**Collection entries:**
━━━━━━━━━━━━━━━━━━━━

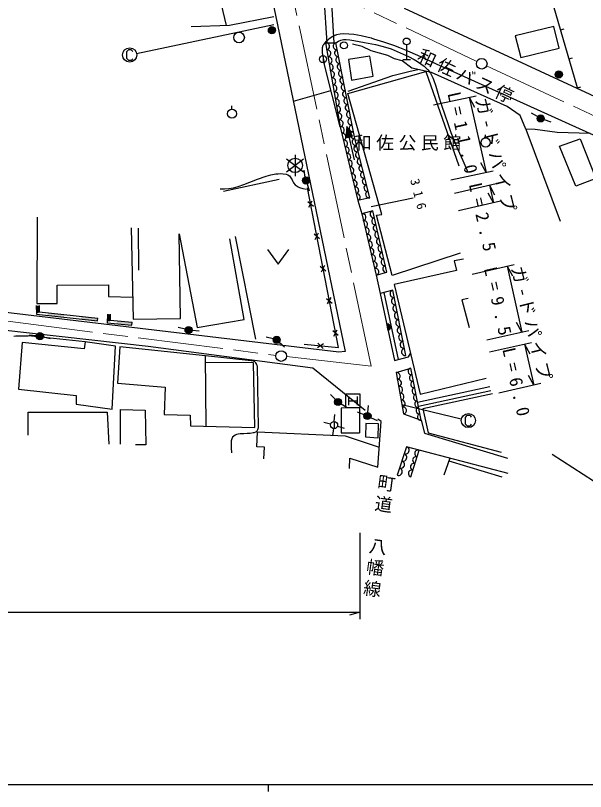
# Model space of a CAD drawing. Units: millimetres, scale not verified. Extents: x 40000 to 680000, y 20000 to 380000.
# Drawn here: x 232419 to 312686, y 204000 to 313287 of the extents above; entities that cross this region are included whole.
import ezdxf

# ---------------------------------------------------------------- set-up
doc = ezdxf.new("R2010")
doc.units = ezdxf.units.MM
doc.header["$LTSCALE"] = 1000
doc.linetypes.add('CHAIN', pattern=[18.5, 12, -1.5, 3.5, -1.5])
for name, color, linetype, lineweight in [('M-BGD', 7, 'Continuous', 25), ('M-BMK', 2, 'CHAIN', 13), ('M-BMK-SRVR', 3, 'Continuous', 25), ('M-STR-STRC', 7, 'Continuous', 25), ('M-TTL-BAND', 7, 'Continuous', 25)]:
    doc.layers.add(name, color=color, linetype=linetype, lineweight=lineweight)
doc.layers.add('M-STR-HTXT', color=7, linetype='Continuous')
doc.styles.add('@ＭＳ 明朝', font='')
doc.styles.add('ＭＳ ゴシック', font='')
doc.styles.get('@ＭＳ 明朝').set_extended_font_data('@MS Mincho')
doc.styles.get('ＭＳ ゴシック').set_extended_font_data('MS Gothic')

msp = doc.modelspace()

# ---------------------------------------------------------------- hatches: boundary and pattern name
at = {"layer": 'M-BGD'}
for points in [[(235333, 272431), (235358, 271406), (235758, 271416), (235733, 272440)], [(236901, 271041), (239260, 270788), (239303, 271185), (236944, 271439)], [(245362, 271232), (245324, 270212), (245723, 270197), (245762, 271217)], [(241619, 270534), (243978, 270281), (244020, 270678), (241662, 270932)], [(246664, 269877), (248820, 269677), (248857, 270076), (246701, 270276)]]:
    msp.add_hatch(color=256, dxfattribs=at).paths.add_polyline_path(points)

# ---------------------------------------------------------------- linework, layer by layer
for p, q in [((264733, 334094), (278857, 265971)), ((275365, 323784), (276254, 309438)), ((276365, 323814), (277255, 309454)), ((311539, 303125), (305646, 323530)), ((262149, 311879), (260760, 317662)), ((332606, 293265), (287197, 314260)), ((268802, 313114), (262562, 311894)), ((262562, 311894), (257155, 311700)), ((308241, 311720), (302763, 310405)), ((308976, 308712), (308241, 311720)), ((277486, 310518), (277097, 310339)), ((277549, 310538), (277486, 310518)), ((277613, 310557), (277549, 310538)), ((278118, 310656), (277613, 310557)), ((278612, 310691), (278118, 310656)), ((279378, 310672), (278612, 310691)), ((280067, 310602), (279378, 310672)), ((281089, 310424), (280067, 310602)), ((282100, 310187), (281089, 310424)), ((302763, 310405), (303590, 307383)), ((309182, 311287), (309662, 311426)), ((276069, 309544), (275797, 309216)), ((276064, 309435), (277550, 309459)), ((276064, 309435), (278131, 297603)), ((276381, 309825), (276069, 309544)), ((276565, 309976), (276381, 309825)), ((276732, 310102), (276565, 309976)), ((277097, 310339), (276732, 310102)), ((277550, 309459), (277883, 309669)), ((280185, 295967), (277550, 309459)), ((277883, 309669), (278249, 309829)), ((278249, 309829), (278596, 309887)), ((278596, 309887), (278971, 309888)), ((278971, 309888), (279516, 309845)), ((279516, 309845), (280075, 309771)), ((280075, 309771), (281580, 309503)), ((281580, 309503), (283133, 309182)), ((282529, 310075), (282100, 310187)), ((282886, 309978), (282529, 310075)), ((284301, 309554), (282886, 309978)), ((285697, 309072), (284301, 309554)), ((275613, 308752), (275582, 308437)), ((275582, 308437), (275605, 308020)), ((275703, 309044), (275613, 308752)), ((275747, 309132), (275703, 309044)), ((275797, 309216), (275747, 309132)), ((281254, 308942), (279866, 309261)), ((282527, 308328), (281254, 308942)), ((284847, 307669), (282527, 308328)), ((283133, 309182), (284204, 308914)), ((284204, 308914), (285299, 308578)), ((285299, 308578), (286147, 308242)), ((286537, 308750), (285697, 309072)), ((286147, 308242), (287016, 307858)), ((287252, 308459), (286537, 308750)), ((289489, 307469), (287252, 308459)), ((303590, 307383), (308976, 308712)), ((275605, 308020), (275674, 307571)), ((275674, 307571), (275776, 307046)), ((275722, 307636), (275722, 306636)), ((282309, 307569), (279329, 307074)), ((282787, 304739), (282309, 307569)), ((285780, 307191), (284847, 307669)), ((286871, 306918), (285780, 307191)), ((287016, 307858), (287772, 307502)), ((287772, 307502), (288548, 307106)), ((288548, 307106), (289031, 306824)), ((291702, 306419), (289489, 307469)), ((310361, 307206), (310841, 307345)), ((275776, 307046), (275890, 306516)), ((278131, 297603), (275890, 306516)), ((279329, 307074), (279747, 304169)), ((288236, 305895), (286871, 306918)), ((289031, 306824), (289520, 306502)), ((289520, 306502), (289987, 306142)), ((289987, 306142), (290411, 305735)), ((332116, 288187), (291702, 306419)), ((279195, 302289), (290195, 305388)), ((285575, 304849), (287986, 305463)), ((287986, 305463), (289062, 305701)), ((291002, 305246), (288236, 305895)), ((290195, 305388), (294866, 292112)), ((290411, 305735), (290464, 305676)), ((290464, 305676), (290533, 305595)), ((290533, 305595), (290844, 305162)), ((290844, 305162), (291104, 304694)), ((299758, 301303), (291002, 305246)), ((279275, 302642), (285575, 304849)), ((279747, 304169), (282787, 304739)), ((291104, 304694), (291194, 304506)), ((291194, 304506), (291288, 304287)), ((291288, 304287), (291616, 303339)), ((291616, 303339), (291886, 302374)), ((311539, 303125), (312020, 303264)), ((271549, 301221), (276847, 302708)), ((284026, 285259), (279195, 302289)), ((291303, 300720), (297279, 301976)), ((291886, 302374), (291937, 302191)), ((291937, 302191), (292001, 301961)), ((292001, 301961), (292407, 300653)), ((296300, 301770), (297042, 300401)), ((296300, 301770), (298710, 291161)), ((262904, 300102), (262904, 300544)), ((292407, 300653), (292871, 299310)), ((301652, 300478), (299758, 301303)), ((303495, 299227), (301652, 300478)), ((305941, 299049), (305079, 299554)), ((292871, 299310), (293286, 298080)), ((304294, 297288), (303495, 299227)), ((306846, 298634), (307792, 298309)), ((278131, 297603), (280604, 287234)), ((279084, 297641), (278946, 296073)), ((279124, 297466), (279021, 296151)), ((279883, 296284), (279084, 297641)), ((280143, 292946), (279084, 297641)), ((279164, 297290), (279095, 296229)), ((279782, 296322), (279124, 297466)), ((279681, 296361), (279164, 297290)), ((293286, 298080), (293742, 296810)), ((305604, 297252), (304294, 297288)), ((304294, 297288), (309122, 284301)), ((278946, 296073), (279883, 296284)), ((279021, 296151), (279782, 296322)), ((279095, 296229), (279681, 296361)), ((279203, 297115), (279170, 296308)), ((279170, 296308), (279580, 296400)), ((279580, 296400), (279203, 297115)), ((279243, 296939), (279244, 296386)), ((279479, 296439), (279243, 296939)), ((279244, 296386), (279479, 296439)), ((279296, 296705), (279319, 296464)), ((279378, 296477), (279296, 296705)), ((279319, 296464), (279378, 296477)), ((293742, 296810), (294202, 295643)), ((298615, 296044), (298615, 296486)), ((308697, 296797), (305604, 297252)), ((313351, 296687), (308697, 296797)), ((282317, 287633), (280185, 295967)), ((294202, 295643), (294708, 294439)), ((309006, 294905), (311931, 295940)), ((311931, 295940), (314134, 290344)), ((294708, 294439), (295392, 292869)), ((311337, 289260), (309006, 294905)), ((270598, 291283), (272998, 293083)), ((270598, 293083), (272998, 291283)), ((271798, 293683), (271798, 290683)), ((295392, 292869), (296112, 291240)), ((298710, 291161), (297968, 292530)), ((267703, 290642), (268392, 290838)), ((268392, 290838), (269100, 290974)), ((269100, 290974), (269384, 291003)), ((269384, 291003), (269717, 291016)), ((269717, 291016), (270131, 291006)), ((270131, 291006), (270551, 290932)), ((270551, 290932), (270785, 290838)), ((270785, 290838), (270983, 290700)), ((273230, 290540), (273046, 291523)), ((299689, 291366), (293712, 290110)), ((269528, 290209), (261702, 288483)), ((264553, 289506), (265401, 289837)), ((265401, 289837), (266520, 290246)), ((266520, 290246), (267703, 290642)), ((270983, 290700), (271186, 290449)), ((271186, 290449), (271360, 290128)), ((271360, 290128), (271467, 289921)), ((271467, 289921), (271588, 289722)), ((271588, 289722), (271808, 289462)), ((294244, 288271), (300125, 289621)), ((314134, 290344), (311337, 289260)), ((261258, 288858), (261853, 288869)), ((261853, 288869), (262467, 288916)), ((262467, 288916), (263115, 289036)), ((263115, 289036), (263753, 289218)), ((263753, 289218), (264553, 289506)), ((271808, 289462), (272071, 289249)), ((272071, 289249), (272233, 289150)), ((272233, 289150), (272422, 289060)), ((272422, 289060), (272892, 288917)), ((272892, 288917), (273381, 288833)), ((273381, 288833), (273400, 288830)), ((273470, 289571), (273765, 288616)), ((277886, 266531), (273533, 289015)), ((299150, 289397), (299895, 288029)), ((299150, 289397), (299725, 286894)), ((282317, 287633), (280604, 287234)), ((299725, 286894), (298980, 288262)), ((273582, 287077), (274363, 286413)), ((273734, 286291), (274211, 287198)), ((280604, 287234), (281174, 285340)), ((300700, 287117), (294819, 285768)), ((282732, 285783), (281174, 285340)), ((281174, 285340), (283193, 276697)), ((284731, 277121), (282732, 285783)), ((283269, 285147), (284026, 285259)), ((235463, 284866), (235414, 272740)), ((285483, 276656), (283269, 285147)), ((248714, 283399), (249007, 270540)), ((249683, 283345), (249761, 277399)), ((255657, 270638), (255461, 282519)), ((255461, 282519), (258004, 269366)), ((263349, 282157), (266192, 267702)), ((274461, 282536), (275242, 281872)), ((274613, 281750), (275090, 282657)), ((264616, 270464), (262599, 281833)), ((267903, 280316), (269403, 278276)), ((269403, 278276), (270903, 280316)), ((295038, 279795), (285483, 276656)), ((295487, 278983), (294205, 278755)), ((294205, 278755), (294503, 277368)), ((275341, 277995), (276121, 277331)), ((275493, 277209), (275969, 278116)), ((296741, 276871), (302627, 278214)), ((301652, 277991), (302388, 276618)), ((301652, 277991), (303724, 268669)), ((283193, 276697), (284731, 277121)), ((283193, 276697), (283787, 274137)), ((294503, 277368), (285730, 275392)), ((238299, 275332), (245535, 275380)), ((238299, 272740), (238299, 275332)), ((245535, 275380), (245535, 273718)), ((285578, 274604), (283787, 274137)), ((287400, 265409), (285578, 274604)), ((285730, 275392), (289392, 259947)), ((245535, 273718), (248937, 273612)), ((276220, 273453), (277000, 272790)), ((276372, 272668), (276848, 273575)), ((283787, 274137), (285801, 264681)), ((284309, 274273), (286322, 264822)), ((296173, 273436), (295295, 273261)), ((295295, 273261), (296283, 269332)), ((235333, 272431), (235363, 271206)), ((235414, 272740), (238299, 272740)), ((235733, 272440), (235754, 271567)), ((277941, 265858), (227555, 271867)), ((235363, 271206), (243978, 270281)), ((235754, 271567), (244020, 270678)), ((245362, 271232), (245316, 270002)), ((245762, 271217), (245730, 270366)), ((243978, 270281), (244020, 270678)), ((245316, 270002), (248820, 269677)), ((245730, 270366), (248857, 270076)), ((248820, 269677), (248857, 270076)), ((249007, 270540), (255657, 270638)), ((258004, 269366), (264616, 270464)), ((303724, 268669), (302989, 270042)), ((230619, 269018), (251098, 266708)), ((256300, 269107), (255325, 269331)), ((257286, 268953), (258282, 268868)), ((277099, 268912), (277879, 268249)), ((277251, 268127), (277727, 269034)), ((284690, 269898), (284816, 269884)), ((284898, 268920), (284690, 269898)), ((284948, 268972), (284757, 269872)), ((284816, 269884), (284926, 269846)), ((284820, 269865), (285003, 269004)), ((285058, 269036), (284883, 269858)), ((285007, 268984), (284898, 268920)), ((284926, 269846), (285044, 269769)), ((284954, 269811), (285104, 269107)), ((285092, 269064), (285007, 268984)), ((285150, 269178), (285025, 269765)), ((285044, 269769), (285124, 269684)), ((285169, 269182), (285092, 269064)), ((285104, 269680), (285188, 269289)), ((285124, 269684), (285188, 269575)), ((285207, 269293), (285169, 269182)), ((285188, 269575), (285221, 269418)), ((285221, 269418), (285207, 269293)), ((304699, 268892), (298813, 267549)), ((232164, 268134), (232441, 268157)), ((232441, 268157), (232478, 268158)), ((232478, 268158), (232516, 268159)), ((232516, 268159), (234192, 268167)), ((242236, 267310), (234192, 268167)), ((235350, 268169), (234355, 268269)), ((236337, 268019), (237317, 267818)), ((268708, 267734), (267736, 267968)), ((233377, 267229), (232838, 260643)), ((242072, 266326), (233377, 267229)), ((242236, 267310), (242072, 266326)), ((246499, 266709), (242236, 267310)), ((246007, 257856), (246499, 266709)), ((251098, 266708), (274288, 263689)), ((269570, 267286), (270321, 266626)), ((273056, 266985), (277886, 266531)), ((275787, 267050), (274931, 266488)), ((274990, 267125), (275727, 266413)), ((299157, 265901), (305066, 267241)), ((304091, 267020), (304835, 265651)), ((304091, 267020), (305414, 261237)), ((247120, 266644), (246793, 261527)), ((259181, 265348), (247120, 266644)), ((278857, 265971), (277941, 265858)), ((287763, 265213), (288032, 265684)), ((259286, 255449), (259181, 265348)), ((265590, 264667), (259181, 265348)), ((265771, 264661), (265590, 264667)), ((265939, 264629), (265771, 264661)), ((266125, 264525), (265946, 264626)), ((266269, 264374), (266125, 264525)), ((285801, 264681), (287763, 265213)), ((265919, 264369), (259191, 264424)), ((266138, 255243), (265919, 264369)), ((266382, 264159), (266269, 264374)), ((266457, 263935), (266382, 264159)), ((266457, 263935), (266586, 255207)), ((274288, 263689), (281637, 257721)), ((286006, 262996), (288067, 263636)), ((289560, 256280), (288067, 263636)), ((286006, 262996), (287072, 257168)), ((305414, 261237), (304670, 262605)), ((246793, 261527), (253515, 260926)), ((289392, 259947), (298681, 262194)), ((306389, 261458), (300480, 260118)), ((232838, 260643), (240980, 259769)), ((253515, 260926), (253351, 257101)), ((289040, 258832), (299208, 261057)), ((289153, 258258), (299337, 260486)), ((240980, 259769), (240980, 258567)), ((277480, 259209), (276765, 259908)), ((299592, 260022), (289792, 257902)), ((240980, 258567), (246007, 257856)), ((278260, 258592), (279106, 258058)), ((280869, 258026), (278290, 258009)), ((278290, 258009), (278290, 254527)), ((280869, 258026), (280869, 254527)), ((282033, 257378), (282135, 258373)), ((234206, 254198), (234206, 257443)), ((234206, 257443), (245305, 257443)), ((245305, 257443), (245561, 252918)), ((247184, 252918), (247184, 257784)), ((247184, 257784), (250684, 257699)), ((250684, 257699), (250770, 252832)), ((253351, 257101), (257012, 256992)), ((257012, 256992), (257067, 255516)), ((277315, 256099), (277380, 257097)), ((281519, 257068), (280591, 257443)), ((287072, 257168), (289560, 256280)), ((289792, 257902), (290524, 254524)), ((276800, 255730), (275834, 255990)), ((277282, 256100), (277282, 255100)), ((281758, 255847), (281704, 253939)), ((283523, 255786), (281758, 255847)), ((282432, 256663), (283332, 256227)), ((283423, 249676), (283935, 256112)), ((283935, 256112), (283447, 256428)), ((283467, 253800), (283523, 255786)), ((289560, 256280), (290032, 254473)), ((257067, 255516), (266138, 255243)), ((266380, 254721), (266202, 254598)), ((266511, 254945), (266387, 254728)), ((266400, 252521), (266510, 254655)), ((266510, 254655), (278831, 254075)), ((266586, 255207), (266511, 254945)), ((277209, 255105), (277062, 254116)), ((277763, 255463), (278725, 255190)), ((262863, 253671), (262796, 253396)), ((262998, 253882), (262863, 253671)), ((263176, 254058), (262998, 253882)), ((263347, 254187), (263176, 254058)), ((263526, 254279), (263347, 254187)), ((263784, 254336), (263526, 254279)), ((264041, 254352), (263784, 254336)), ((264550, 254381), (264041, 254352)), ((265036, 254408), (264550, 254381)), ((265464, 254436), (265036, 254408)), ((265883, 254500), (265464, 254436)), ((265938, 254512), (265883, 254500)), ((265981, 254523), (265938, 254512)), ((266202, 254598), (265981, 254523)), ((278290, 254527), (280869, 254527)), ((278831, 254075), (283647, 252487)), ((281704, 253939), (283467, 253800)), ((290032, 254473), (301689, 250937)), ((290524, 254524), (300828, 251809)), ((250770, 252832), (249318, 252832)), ((262796, 253396), (262789, 253101)), ((262789, 253101), (262789, 253088)), ((262789, 253088), (262789, 253063)), ((262789, 253063), (262811, 252378)), ((267503, 252503), (266400, 252521)), ((267367, 250835), (267503, 252503)), ((287486, 252550), (286188, 248536)), ((301798, 248774), (287486, 252550)), ((262811, 252378), (262844, 251682)), ((288092, 248308), (289277, 252077)), ((307972, 251523), (318055, 244989)), ((279449, 249473), (279523, 250964)), ((279523, 250964), (283423, 249676)), ((293568, 250945), (292734, 248573)), ((293431, 250554), (300908, 248316)), ((280960, 228257), (280960, 240431)), ((167922, 229257), (280960, 229257)), ((280960, 229257), (279460, 228837))]:
    msp.add_line(p, q, dxfattribs=at)
for centre, radius in [((268526, 311222), 500), ((268526, 311222), 440), ((268526, 311222), 380), ((268526, 311222), 320), ((268526, 311222), 260), ((263899, 310186), 750), ((268526, 311222), 200), ((268526, 311222), 140), ((268526, 311222), 80), ((268526, 311222), 20), ((278668, 309080), 500), ((275722, 307136), 500), ((308928, 304985), 500), ((308928, 304985), 440), ((308928, 304985), 380), ((308928, 304985), 320), ((308928, 304985), 260), ((308928, 304985), 200), ((308928, 304985), 140), ((308928, 304985), 80), ((308928, 304985), 20), ((262904, 299456), 646), ((306373, 298796), 500), ((306373, 298796), 440), ((306373, 298796), 380), ((306373, 298796), 320), ((306373, 298796), 260), ((306373, 298796), 200), ((306373, 298796), 140), ((306373, 298796), 80), ((306373, 298796), 20), ((298615, 295398), 646), ((271798, 292183), 1020), ((273322, 290049), 500), ((273322, 290049), 440), ((273322, 290049), 380), ((273322, 290049), 320), ((273322, 290049), 260), ((273322, 290049), 200), ((273322, 290049), 140), ((273322, 290049), 80), ((273322, 290049), 20), ((256787, 268996), 500), ((256787, 268996), 440), ((256787, 268996), 380), ((256787, 268996), 320), ((256787, 268996), 260), ((256787, 268996), 200), ((256787, 268996), 140), ((256787, 268996), 80), ((256787, 268996), 20), ((235848, 268120), 500), ((235848, 268120), 440), ((235848, 268120), 380), ((235848, 268120), 320), ((235848, 268120), 260), ((235848, 268120), 200), ((235848, 268120), 140), ((235848, 268120), 80), ((235848, 268120), 20), ((269194, 267616), 500), ((269194, 267616), 440), ((269194, 267616), 380), ((269194, 267616), 320), ((269194, 267616), 260), ((269194, 267616), 200), ((269194, 267616), 140), ((269194, 267616), 80), ((269194, 267616), 20), ((277837, 258859), 500), ((277837, 258859), 440), ((277837, 258859), 380), ((277837, 258859), 320), ((277837, 258859), 260), ((277837, 258859), 200), ((277837, 258859), 140), ((277837, 258859), 80), ((277837, 258859), 20), ((281982, 256881), 500), ((281982, 256881), 440), ((281982, 256881), 380), ((281982, 256881), 320), ((281982, 256881), 260), ((281982, 256881), 200), ((281982, 256881), 140), ((281982, 256881), 80), ((281982, 256881), 20), ((277282, 255600), 500)]:
    msp.add_circle(centre, radius, dxfattribs=at)
for centre, radius, start, end in [((276150, 308942), 500, 279.90942, 99.90945), ((277644, 308977), 491, 101.04904, 281.04904), ((276322, 307956), 500, 279.90942, 99.90945), ((277832, 308013), 491, 101.04904, 281.04904), ((276494, 306970), 500, 279.90942, 99.90945), ((278020, 307050), 491, 101.04904, 281.04904), ((276667, 305984), 500, 279.90942, 99.90945), ((278209, 306086), 491, 101.04904, 281.04904), ((276839, 304998), 500, 279.90942, 99.90945), ((278397, 305122), 491, 101.04904, 281.04904), ((277011, 304012), 500, 279.90942, 99.90945), ((278585, 304158), 491, 101.04904, 281.04904), ((277183, 303026), 500, 279.90942, 99.90945), ((278773, 303195), 491, 101.04904, 281.04904), ((277356, 302040), 500, 279.90942, 99.90945), ((278961, 302231), 491, 101.04904, 281.04904), ((279150, 301267), 491, 101.04904, 281.04904), ((277528, 301054), 500, 279.90942, 99.90945), ((277700, 300068), 500, 279.90942, 99.90945), ((279338, 300303), 491, 101.04904, 281.04904), ((277872, 299082), 500, 279.90942, 99.90945), ((279526, 299340), 491, 101.04904, 281.04904), ((278045, 298096), 500, 279.90942, 99.90945), ((279714, 298376), 491, 101.04904, 281.04904), ((278243, 297131), 484, 283.41766, 103.41766), ((279902, 297412), 491, 101.04904, 281.04904), ((278468, 296189), 484, 283.41766, 103.41766), ((280091, 296448), 491, 101.04904, 281.04904), ((278693, 295246), 484, 283.41766, 103.41766), ((280303, 295504), 478, 104.35281, 284.35281), ((278918, 294303), 484, 283.41766, 103.41766), ((280540, 294578), 478, 104.35281, 284.35281), ((280777, 293652), 478, 104.35281, 284.35281), ((279143, 293361), 484, 283.41766, 103.41766), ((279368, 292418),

━━━━━━━━━━━━━━━━━━━━

**What is being asked:** Leave out any pictures, please, and quote only the lines from the top of the data through the line that contains "doc.layers.add('M-STR-HTXT', color=7, linetype='Continuous')".

**Answer for the task:**
# Model space of a CAD drawing. Units: millimetres, scale not verified. Extents: x 40000 to 680000, y 20000 to 380000.
# Drawn here: x 232419 to 312686, y 204000 to 313287 of the extents above; entities that cross this region are included whole.
import ezdxf

# ---------------------------------------------------------------- set-up
doc = ezdxf.new("R2010")
doc.units = ezdxf.units.MM
doc.header["$LTSCALE"] = 1000
doc.linetypes.add('CHAIN', pattern=[18.5, 12, -1.5, 3.5, -1.5])
for name, color, linetype, lineweight in [('M-BGD', 7, 'Continuous', 25), ('M-BMK', 2, 'CHAIN', 13), ('M-BMK-SRVR', 3, 'Continuous', 25), ('M-STR-STRC', 7, 'Continuous', 25), ('M-TTL-BAND', 7, 'Continuous', 25)]:
    doc.layers.add(name, color=color, linetype=linetype, lineweight=lineweight)
doc.layers.add('M-STR-HTXT', color=7, linetype='Continuous')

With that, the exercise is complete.